DOD News Briefs

Science Applications International Corp. may have snared information security hot shots
Mike Higgins and Ken van Wyk, but the Defense Information Systems Agency had expertise in
reserve.


Higgins, former chief of the vulnerabilities staff at DISA's Center for Information
Systems Security, has been replaced by Ken Danckaert, a National Security Agency employee
and former deputy commander of the center. Ken van Wyk's successor as chief of CISS'
Vulnerabilities Analysis Assessment Program is Army Lt. Col. Bernard Krauss, described in
a DISA statement as a ""highly capable and experienced infosec professional.''


DISA also has reorganized the CISS into three departments: assessment, headed by
Danckaert; infosec training, headed by Jim Flaggert; and security and certification,
headed by Rob Rogalski. Also, the 24-hour Automated Systems Security Incident Support
Team, run by Deborah Balducci and previously under Higgins' supervision, now reports to
DISA's Current Operations Division, headed by Navy Capt. Bill Lillard.
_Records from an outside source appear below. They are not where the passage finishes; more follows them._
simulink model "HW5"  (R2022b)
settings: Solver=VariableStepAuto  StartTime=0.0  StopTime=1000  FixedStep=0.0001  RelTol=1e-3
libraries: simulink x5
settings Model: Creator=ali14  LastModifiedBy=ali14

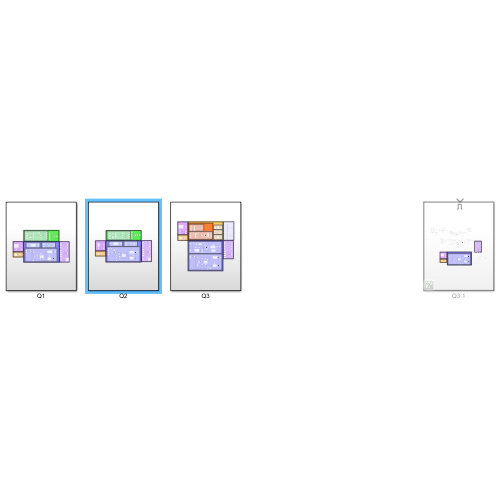
[thumbnail: Simulink's stored preview of the top-level diagram]
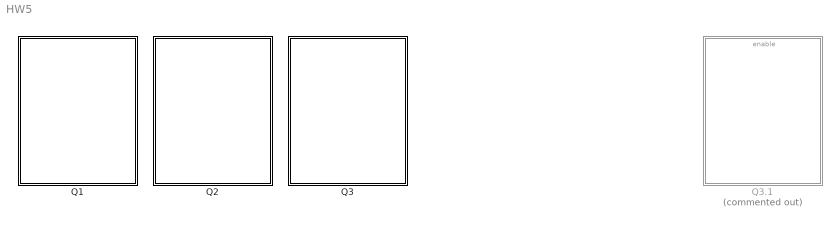
== system HW5 ==
  Q1 : Subsystem
  Q2 : Subsystem
  Q3 : Subsystem
  Q3.1 : Subsystem  Commented=on

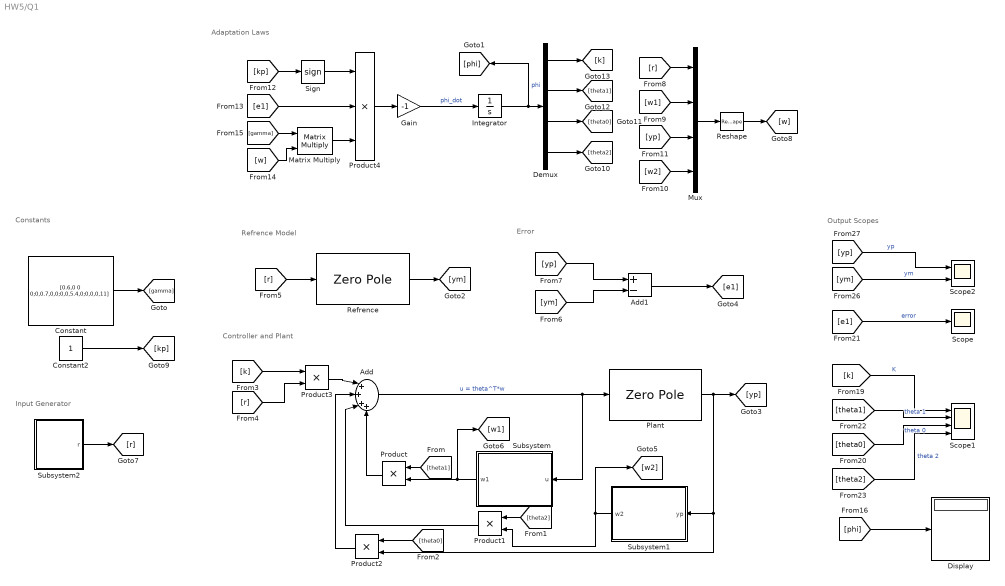
== system HW5/Q1 ==
  note: Constants
  note: Input Generator
  note: Adaptation Laws
  note: Controller and Plant
  note: Error
  note: Refrence Model
  note: Output Scopes
  Add : Sum  Inputs=|++++
  Add1 : Sum  Inputs=+-
  Constant : Constant  Value=[0.6,0 0 0;0,0.7,0,0;0,0,5.4,0;0,0,0,11]
  Constant2 : Constant
  Demux : Demux
  Display : Display
  Gain : Gain  Gain=-1
  Integrator : Integrator
  Matrix Multiply : Product  Multiplication=Matrix(*)
  Mux : Mux
  Plant : ZeroPole  Zeros=[-1]  Poles=[2 1]  Gain=1
  Product{,1..3} (4 alike) : Product
  Product4 : Product  Inputs=3
  Refrence : ZeroPole  Zeros=[]  Poles=[-1]  Gain=1
  Reshape : Reshape  OutputDimensionality=Column vector (2-D)
  Scope : Scope
  Scope1 : Scope  NumInputPorts=4
  Scope2 : Scope  NumInputPorts=2
  Sign : Signum
  Subsystem : Subsystem
  Subsystem1 : Subsystem
  Subsystem2 : Subsystem
  wires:
  Demux/1 -> [k]
  Subsystem1/1(w2) -> Product1/2, [w2]
  [theta2] -> Product1/1
  Demux/4 -> [theta2]
  Plant/1 -> [yp], Product2/2, Subsystem1/1(yp)
  Constant2/1 -> [kp]
  Refrence/1 -> [ym]
  [kp] -> Sign/1
  [r] -> Refrence/1
  [w1] -> Mux/2
  Reshape/1 -> [w]
  Sign/1 -> Product4/1
  [k] -> Product3/1
  Add1/1 -> [e1]
  Product1/1 -> Add/3
  [yp] -> Add1/1
  Product2/1 -> Add/2
  [theta1] -> Product/1
  Subsystem/1(w1) -> [w1], Product/2
  Add/1 -> Subsystem/1(u), Plant/1  "u = theta^T*w"
  Product/1 -> Add/4
  Mux/1 -> Reshape/1
  [w2] -> Mux/4
  Demux/3 -> [theta0]
  [r] -> Product3/2
  Product3/1 -> Add/1
  [ym] -> Add1/2
  [theta0] -> Product2/1
  Gain/1 -> Integrator/1  "phi_dot"
  Product4/1 -> Gain/1
  [r] -> Mux/1
  Integrator/1 -> [phi], Demux/1  "phi"
  Demux/2 -> [theta1]
  Subsystem2/1(r) -> [r]
  [e1] -> Product4/2
  [yp] -> Mux/3
  Constant/1 -> [gamma]
  [w] -> Matrix Multiply/2
  Matrix Multiply/1 -> Product4/3
  [gamma] -> Matrix Multiply/1
  [yp] -> Scope2/1  "yp"
  [theta1] -> Scope1/2  "theta 1"
  [theta0] -> Scope1/3  "theta 0"
  [theta2] -> Scope1/4  "theta 2"
  [e1] -> Scope/1  "error"
  [ym] -> Scope2/2  "ym"
  [k] -> Scope1/1  "K"
  [phi] -> Display/1

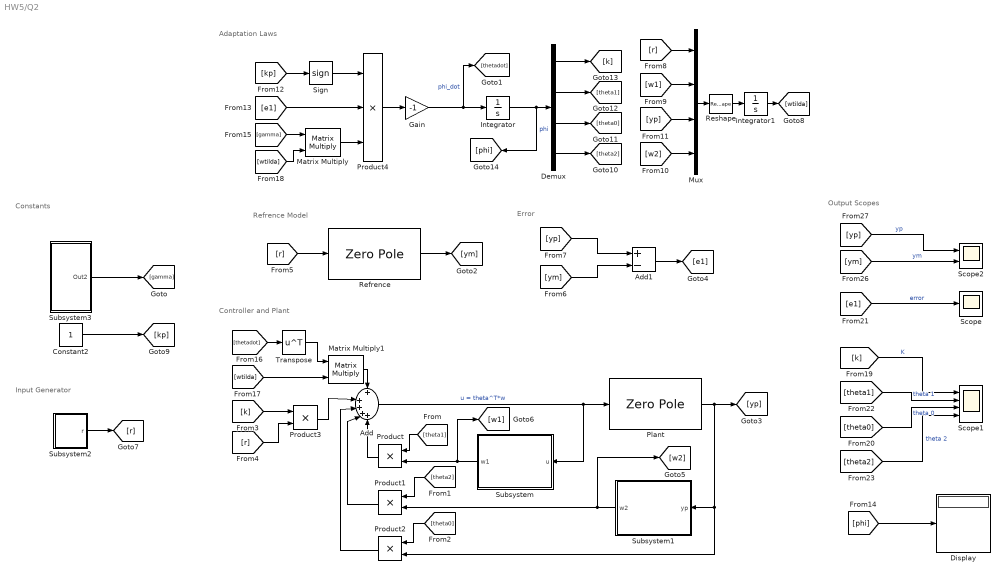
== system HW5/Q2 ==
  note: Constants
  note: Input Generator
  note: Adaptation Laws
  note: Controller and Plant
  note: Error
  note: Refrence Model
  note: Output Scopes
  Add : Sum  Inputs=+|++++
  Add1 : Sum  Inputs=+-
  Constant2 : Constant
  Demux : Demux
  Display : Display
  Gain : Gain  Gain=-1
  Integrator : Integrator
  Integrator1 : Integrator
  Matrix Multiply : Product  Multiplication=Matrix(*)
  Matrix Multiply1 : Product  Multiplication=Matrix(*)
  Mux : Mux
  Plant : ZeroPole  Zeros=[]  Gain=1
  Product{,1..3} (4 alike) : Product
  Product4 : Product  Inputs=3
  Refrence : ZeroPole  Zeros=[]  Poles=[-1 -1]  Gain=1
  Reshape : Reshape  OutputDimensionality=Column vector (2-D)
  Scope : Scope
  Scope1 : Scope  NumInputPorts=4
  Scope2 : Scope  NumInputPorts=2
  Sign : Signum
  Subsystem : Subsystem
  Subsystem1 : Subsystem
  Subsystem2 : Subsystem
  Subsystem3 : Subsystem
  Transpose : Math  Operator=transpose
  wires:
  Demux/1 -> [k]
  Subsystem1/1(w2) -> Product1/2, [w2]
  [theta2] -> Product1/1
  Demux/4 -> [theta2]
  Plant/1 -> [yp], Product2/2, Subsystem1/1(yp)
  Constant2/1 -> [kp]
  Refrence/1 -> [ym]
  [kp] -> Sign/1
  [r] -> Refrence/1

The 1996 Defense authorization bill has yet to become law, but its provisions calling
for the creation of chief information officers throughout the government seem to be
catching fire at the Defense Department.


The Navy's Exchange Service Command in Virginia Beach, Va., is the latest to join the
CIO wave, naming William F. Finefeld to the post late last year. Finefeld was
administrator of the Defense Logistics Agency's information processing center in Richmond,
Va.


Executives at Litton Industries, which recently parted with $425 million in exchange
for PRC Inc., must have slapped each others' backs after the Space and Naval Warfare
Systems Command tapped the newly acquired company for $77 million worth of software work.


Under a five-year contract, PRC will provide software development, engineering and
maintenance services to SPAWAR's Integrated Command, Control, Communications, Computers
and Intelligence Systems Program Directorate. The work will support the Joint Maritime
Command Information System, the Navy's premier data fusion system for commanders.


Northrop Grumman Corp. announced an agreement to swallow the defense and electronic
systems business of Westinghouse Electric Corp. for a throat-clutching $3 billion in cash.


The merger, subject to regulatory approval, would create a defense leviathan with
annual sales exceeding $9 billion. The merger also would give Northrop Grumman a
commanding place in the surveillance, imaging and battlespace management market.
Westinghouse Electronic Systems also is known for expertise in electronic countermeasures
and tactical communications equipment.